- **WORK INSTRUCTION**:
Word for word, reproduce all entries below, leaving every picture out.

───── DATA FOR REVIEW

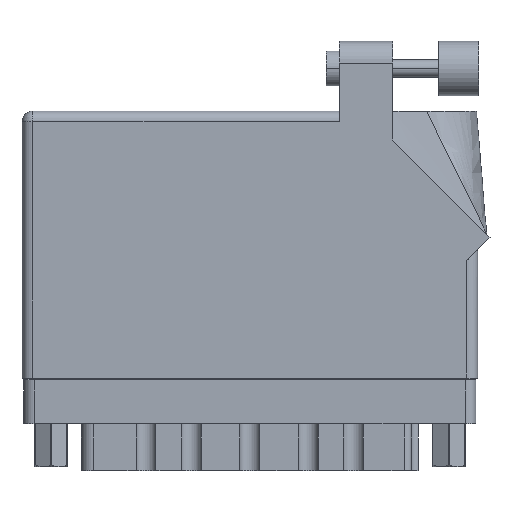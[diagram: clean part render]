
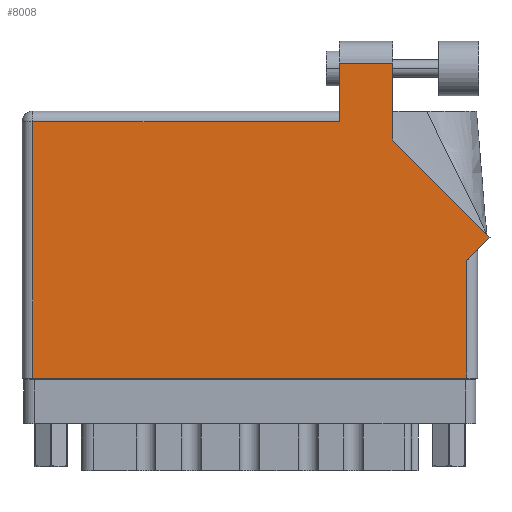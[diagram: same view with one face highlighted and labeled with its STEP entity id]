
A CAD part, front view. The second image highlights one B-rep face of the part: STEP entity #8008.
In plain terms, the highlighted face is planar.
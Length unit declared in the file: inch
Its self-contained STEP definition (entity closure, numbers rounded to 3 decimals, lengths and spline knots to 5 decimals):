
#393 = EDGE_CURVE ( 'NONE', #16459, #47211, #42526, .T. ) ;
#774 = ORIENTED_EDGE ( 'NONE', *, *, #14801, .T. ) ;
#804 = CARTESIAN_POINT ( 'NONE',  ( 0., 1.53, 0. ) ) ;
#2702 = LINE ( 'NONE', #44087, #38176 ) ;
#3265 = VERTEX_POINT ( 'NONE', #15502 ) ;
#3666 = VECTOR ( 'NONE', #32901, 39.37008 ) ;
#4709 = VECTOR ( 'NONE', #14012, 39.37008 ) ;
#6322 = VERTEX_POINT ( 'NONE', #16048 ) ;
#6846 = LINE ( 'NONE', #31418, #34056 ) ;
#7549 = CARTESIAN_POINT ( 'NONE',  ( 1.819, 1.468, 0. ) ) ;
#7687 = DIRECTION ( 'NONE',  ( 0.707, 0.707, 0. ) ) ;
#7723 = CARTESIAN_POINT ( 'NONE',  ( 2.126, 1.805, 0. ) ) ;
#8008 = ADVANCED_FACE ( 'NONE', ( #50424 ), #58868, .F. ) ;
#12234 = DIRECTION ( 'NONE',  ( -0.707, 0.707, 0. ) ) ;
#13087 = CARTESIAN_POINT ( 'NONE',  ( 0., 1.468, 0. ) ) ;
#14012 = DIRECTION ( 'NONE',  ( 0., 1., 0. ) ) ;
#14801 = EDGE_CURVE ( 'NONE', #29586, #3265, #17186, .T. ) ;
#15502 = CARTESIAN_POINT ( 'NONE',  ( 2.55, 0., 0. ) ) ;
#16048 = CARTESIAN_POINT ( 'NONE',  ( 2.68271, 0.80771, 0. ) ) ;
#16459 = VERTEX_POINT ( 'NONE', #7549 ) ;
#16480 = LINE ( 'NONE', #56817, #3666 ) ;
#17186 = LINE ( 'NONE', #31794, #43603 ) ;
#17262 = CARTESIAN_POINT ( 'NONE',  ( 0.062, 0., 0. ) ) ;
#17672 = VECTOR ( 'NONE', #56827, 39.37008 ) ;
#19783 = LINE ( 'NONE', #33916, #55169 ) ;
#20455 = EDGE_CURVE ( 'NONE', #57925, #6322, #36863, .T. ) ;
#22352 = VERTEX_POINT ( 'NONE', #32947 ) ;
#23382 = CARTESIAN_POINT ( 'NONE',  ( 2.55, 0.675, 0. ) ) ;
#24317 = EDGE_CURVE ( 'NONE', #3265, #57925, #19783, .T. ) ;
#25414 = AXIS2_PLACEMENT_3D ( 'NONE', #804, #53836, #44622 ) ;
#26721 = ORIENTED_EDGE ( 'NONE', *, *, #27495, .T. ) ;
#27495 = EDGE_CURVE ( 'NONE', #57814, #16459, #2702, .T. ) ;
#29165 = CARTESIAN_POINT ( 'NONE',  ( 2.126, 1.36442, 0. ) ) ;
#29586 = VERTEX_POINT ( 'NONE', #30314 ) ;
#30314 = CARTESIAN_POINT ( 'NONE',  ( 0.062, 0., 0. ) ) ;
#31418 = CARTESIAN_POINT ( 'NONE',  ( 2.68271, 0.80771, 0. ) ) ;
#31794 = CARTESIAN_POINT ( 'NONE',  ( 0., 0., 0. ) ) ;
#32901 = DIRECTION ( 'NONE',  ( -1., 0., 0. ) ) ;
#32947 = CARTESIAN_POINT ( 'NONE',  ( 2.126, 1.36442, 0. ) ) ;
#33916 = CARTESIAN_POINT ( 'NONE',  ( 2.55, 0.737, 0. ) ) ;
#34056 = VECTOR ( 'NONE', #12234, 39.37008 ) ;
#36599 = CARTESIAN_POINT ( 'NONE',  ( 2.612, 0.737, 0. ) ) ;
#36863 = LINE ( 'NONE', #36599, #40572 ) ;
#38176 = VECTOR ( 'NONE', #49519, 39.37008 ) ;
#38979 = DIRECTION ( 'NONE',  ( 0., 1., 0. ) ) ;
#39425 = LINE ( 'NONE', #29165, #4709 ) ;
#40572 = VECTOR ( 'NONE', #7687, 39.37008 ) ;
#41279 = EDGE_CURVE ( 'NONE', #6322, #22352, #6846, .T. ) ;
#42090 = CARTESIAN_POINT ( 'NONE',  ( 1.819, 1.805, 0. ) ) ;
#42453 = ORIENTED_EDGE ( 'NONE', *, *, #20455, .T. ) ;
#42526 = LINE ( 'NONE', #13087, #17672 ) ;
#43185 = ORIENTED_EDGE ( 'NONE', *, *, #43640, .T. ) ;
#43603 = VECTOR ( 'NONE', #46296, 39.37008 ) ;
#43640 = EDGE_CURVE ( 'NONE', #47211, #29586, #61303, .T. ) ;
#43750 = ORIENTED_EDGE ( 'NONE', *, *, #393, .T. ) ;
#44087 = CARTESIAN_POINT ( 'NONE',  ( 1.819, 1.53, 0. ) ) ;
#44622 = DIRECTION ( 'NONE',  ( -1., 0., 0. ) ) ;
#46296 = DIRECTION ( 'NONE',  ( 1., 0., 0. ) ) ;
#46928 = VERTEX_POINT ( 'NONE', #7723 ) ;
#47211 = VERTEX_POINT ( 'NONE', #48736 ) ;
#47271 = ORIENTED_EDGE ( 'NONE', *, *, #24317, .T. ) ;
#47781 = EDGE_CURVE ( 'NONE', #46928, #57814, #16480, .T. ) ;
#48736 = CARTESIAN_POINT ( 'NONE',  ( 0.062, 1.468, 0. ) ) ;
#49519 = DIRECTION ( 'NONE',  ( 0., -1., 0. ) ) ;
#50424 = FACE_OUTER_BOUND ( 'NONE', #54256, .T. ) ;
#50937 = DIRECTION ( 'NONE',  ( 0., -1., 0. ) ) ;
#51782 = ORIENTED_EDGE ( 'NONE', *, *, #41279, .T. ) ;
#53836 = DIRECTION ( 'NONE',  ( 0., 0., -1. ) ) ;
#54256 = EDGE_LOOP ( 'NONE', ( #57980, #57862, #26721, #43750, #43185, #774, #47271, #42453, #51782 ) ) ;
#55169 = VECTOR ( 'NONE', #38979, 39.37008 ) ;
#56794 = EDGE_CURVE ( 'NONE', #22352, #46928, #39425, .T. ) ;
#56817 = CARTESIAN_POINT ( 'NONE',  ( 1.819, 1.805, 0. ) ) ;
#56827 = DIRECTION ( 'NONE',  ( -1., 0., 0. ) ) ;
#57814 = VERTEX_POINT ( 'NONE', #42090 ) ;
#57862 = ORIENTED_EDGE ( 'NONE', *, *, #47781, .T. ) ;
#57925 = VERTEX_POINT ( 'NONE', #23382 ) ;
#57980 = ORIENTED_EDGE ( 'NONE', *, *, #56794, .T. ) ;
#58868 = PLANE ( 'NONE',  #25414 ) ;
#59798 = VECTOR ( 'NONE', #50937, 39.37008 ) ;
#61303 = LINE ( 'NONE', #17262, #59798 ) ;

──────────

- **ANSWER TO THE PROBLEM**:
[diagram: clean part render]
[diagram: same view with one face highlighted and labeled with its STEP entity id]
A CAD part, front view. The second image highlights one B-rep face of the part: STEP entity #8008.
In plain terms, the highlighted face is planar.
Length unit declared in the file: inch
Its self-contained STEP definition (entity closure, numbers rounded to 3 decimals, lengths and spline knots to 5 decimals):
#393 = EDGE_CURVE ( 'NONE', #16459, #47211, #42526, .T. ) ;
#774 = ORIENTED_EDGE ( 'NONE', *, *, #14801, .T. ) ;
#804 = CARTESIAN_POINT ( 'NONE',  ( 0., 1.53, 0. ) ) ;
#2702 = LINE ( 'NONE', #44087, #38176 ) ;
#3265 = VERTEX_POINT ( 'NONE', #15502 ) ;
#3666 = VECTOR ( 'NONE', #32901, 39.37008 ) ;
#4709 = VECTOR ( 'NONE', #14012, 39.37008 ) ;
#6322 = VERTEX_POINT ( 'NONE', #16048 ) ;
#6846 = LINE ( 'NONE', #31418, #34056 ) ;
#7549 = CARTESIAN_POINT ( 'NONE',  ( 1.819, 1.468, 0. ) ) ;
#7687 = DIRECTION ( 'NONE',  ( 0.707, 0.707, 0. ) ) ;
#7723 = CARTESIAN_POINT ( 'NONE',  ( 2.126, 1.805, 0. ) ) ;
#8008 = ADVANCED_FACE ( 'NONE', ( #50424 ), #58868, .F. ) ;
#12234 = DIRECTION ( 'NONE',  ( -0.707, 0.707, 0. ) ) ;
#13087 = CARTESIAN_POINT ( 'NONE',  ( 0., 1.468, 0. ) ) ;
#14012 = DIRECTION ( 'NONE',  ( 0., 1., 0. ) ) ;
#14801 = EDGE_CURVE ( 'NONE', #29586, #3265, #17186, .T. ) ;
#15502 = CARTESIAN_POINT ( 'NONE',  ( 2.55, 0., 0. ) ) ;
#16048 = CARTESIAN_POINT ( 'NONE',  ( 2.68271, 0.80771, 0. ) ) ;
#16459 = VERTEX_POINT ( 'NONE', #7549 ) ;
#16480 = LINE ( 'NONE', #56817, #3666 ) ;
#17186 = LINE ( 'NONE', #31794, #43603 ) ;
#17262 = CARTESIAN_POINT ( 'NONE',  ( 0.062, 0., 0. ) ) ;
#17672 = VECTOR ( 'NONE', #56827, 39.37008 ) ;
#19783 = LINE ( 'NONE', #33916, #55169 ) ;
#20455 = EDGE_CURVE ( 'NONE', #57925, #6322, #36863, .T. ) ;
#22352 = VERTEX_POINT ( 'NONE', #32947 ) ;
#23382 = CARTESIAN_POINT ( 'NONE',  ( 2.55, 0.675, 0. ) ) ;
#24317 = EDGE_CURVE ( 'NONE', #3265, #57925, #19783, .T. ) ;
#25414 = AXIS2_PLACEMENT_3D ( 'NONE', #804, #53836, #44622 ) ;
#26721 = ORIENTED_EDGE ( 'NONE', *, *, #27495, .T. ) ;
#27495 = EDGE_CURVE ( 'NONE', #57814, #16459, #2702, .T. ) ;
#29165 = CARTESIAN_POINT ( 'NONE',  ( 2.126, 1.36442, 0. ) ) ;
#29586 = VERTEX_POINT ( 'NONE', #30314 ) ;
#30314 = CARTESIAN_POINT ( 'NONE',  ( 0.062, 0., 0. ) ) ;
#31418 = CARTESIAN_POINT ( 'NONE',  ( 2.68271, 0.80771, 0. ) ) ;
#31794 = CARTESIAN_POINT ( 'NONE',  ( 0., 0., 0. ) ) ;
#32901 = DIRECTION ( 'NONE',  ( -1., 0., 0. ) ) ;
#32947 = CARTESIAN_POINT ( 'NONE',  ( 2.126, 1.36442, 0. ) ) ;
#33916 = CARTESIAN_POINT ( 'NONE',  ( 2.55, 0.737, 0. ) ) ;
#34056 = VECTOR ( 'NONE', #12234, 39.37008 ) ;
#36599 = CARTESIAN_POINT ( 'NONE',  ( 2.612, 0.737, 0. ) ) ;
#36863 = LINE ( 'NONE', #36599, #40572 ) ;
#38176 = VECTOR ( 'NONE', #49519, 39.37008 ) ;
#38979 = DIRECTION ( 'NONE',  ( 0., 1., 0. ) ) ;
#39425 = LINE ( 'NONE', #29165, #4709 ) ;
#40572 = VECTOR ( 'NONE', #7687, 39.37008 ) ;
#41279 = EDGE_CURVE ( 'NONE', #6322, #22352, #6846, .T. ) ;
#42090 = CARTESIAN_POINT ( 'NONE',  ( 1.819, 1.805, 0. ) ) ;
#42453 = ORIENTED_EDGE ( 'NONE', *, *, #20455, .T. ) ;
#42526 = LINE ( 'NONE', #13087, #17672 ) ;
#43185 = ORIENTED_EDGE ( 'NONE', *, *, #43640, .T. ) ;
#43603 = VECTOR ( 'NONE', #46296, 39.37008 ) ;
#43640 = EDGE_CURVE ( 'NONE', #47211, #29586, #61303, .T. ) ;
#43750 = ORIENTED_EDGE ( 'NONE', *, *, #393, .T. ) ;
#44087 = CARTESIAN_POINT ( 'NONE',  ( 1.819, 1.53, 0. ) ) ;
#44622 = DIRECTION ( 'NONE',  ( -1., 0., 0. ) ) ;
#46296 = DIRECTION ( 'NONE',  ( 1., 0., 0. ) ) ;
#46928 = VERTEX_POINT ( 'NONE', #7723 ) ;
#47211 = VERTEX_POINT ( 'NONE', #48736 ) ;
#47271 = ORIENTED_EDGE ( 'NONE', *, *, #24317, .T. ) ;
#47781 = EDGE_CURVE ( 'NONE', #46928, #57814, #16480, .T. ) ;
#48736 = CARTESIAN_POINT ( 'NONE',  ( 0.062, 1.468, 0. ) ) ;
#49519 = DIRECTION ( 'NONE',  ( 0., -1., 0. ) ) ;
#50424 = FACE_OUTER_BOUND ( 'NONE', #54256, .T. ) ;
#50937 = DIRECTION ( 'NONE',  ( 0., -1., 0. ) ) ;
#51782 = ORIENTED_EDGE ( 'NONE', *, *, #41279, .T. ) ;
#53836 = DIRECTION ( 'NONE',  ( 0., 0., -1. ) ) ;
#54256 = EDGE_LOOP ( 'NONE', ( #57980, #57862, #26721, #43750, #43185, #774, #47271, #42453, #51782 ) ) ;
#55169 = VECTOR ( 'NONE', #38979, 39.37008 ) ;
#56794 = EDGE_CURVE ( 'NONE', #22352, #46928, #39425, .T. ) ;
#56817 = CARTESIAN_POINT ( 'NONE',  ( 1.819, 1.805, 0. ) ) ;
#56827 = DIRECTION ( 'NONE',  ( -1., 0., 0. ) ) ;
#57814 = VERTEX_POINT ( 'NONE', #42090 ) ;
#57862 = ORIENTED_EDGE ( 'NONE', *, *, #47781, .T. ) ;
#57925 = VERTEX_POINT ( 'NONE', #23382 ) ;
#57980 = ORIENTED_EDGE ( 'NONE', *, *, #56794, .T. ) ;
#58868 = PLANE ( 'NONE',  #25414 ) ;
#59798 = VECTOR ( 'NONE', #50937, 39.37008 ) ;
#61303 = LINE ( 'NONE', #17262, #59798 ) ;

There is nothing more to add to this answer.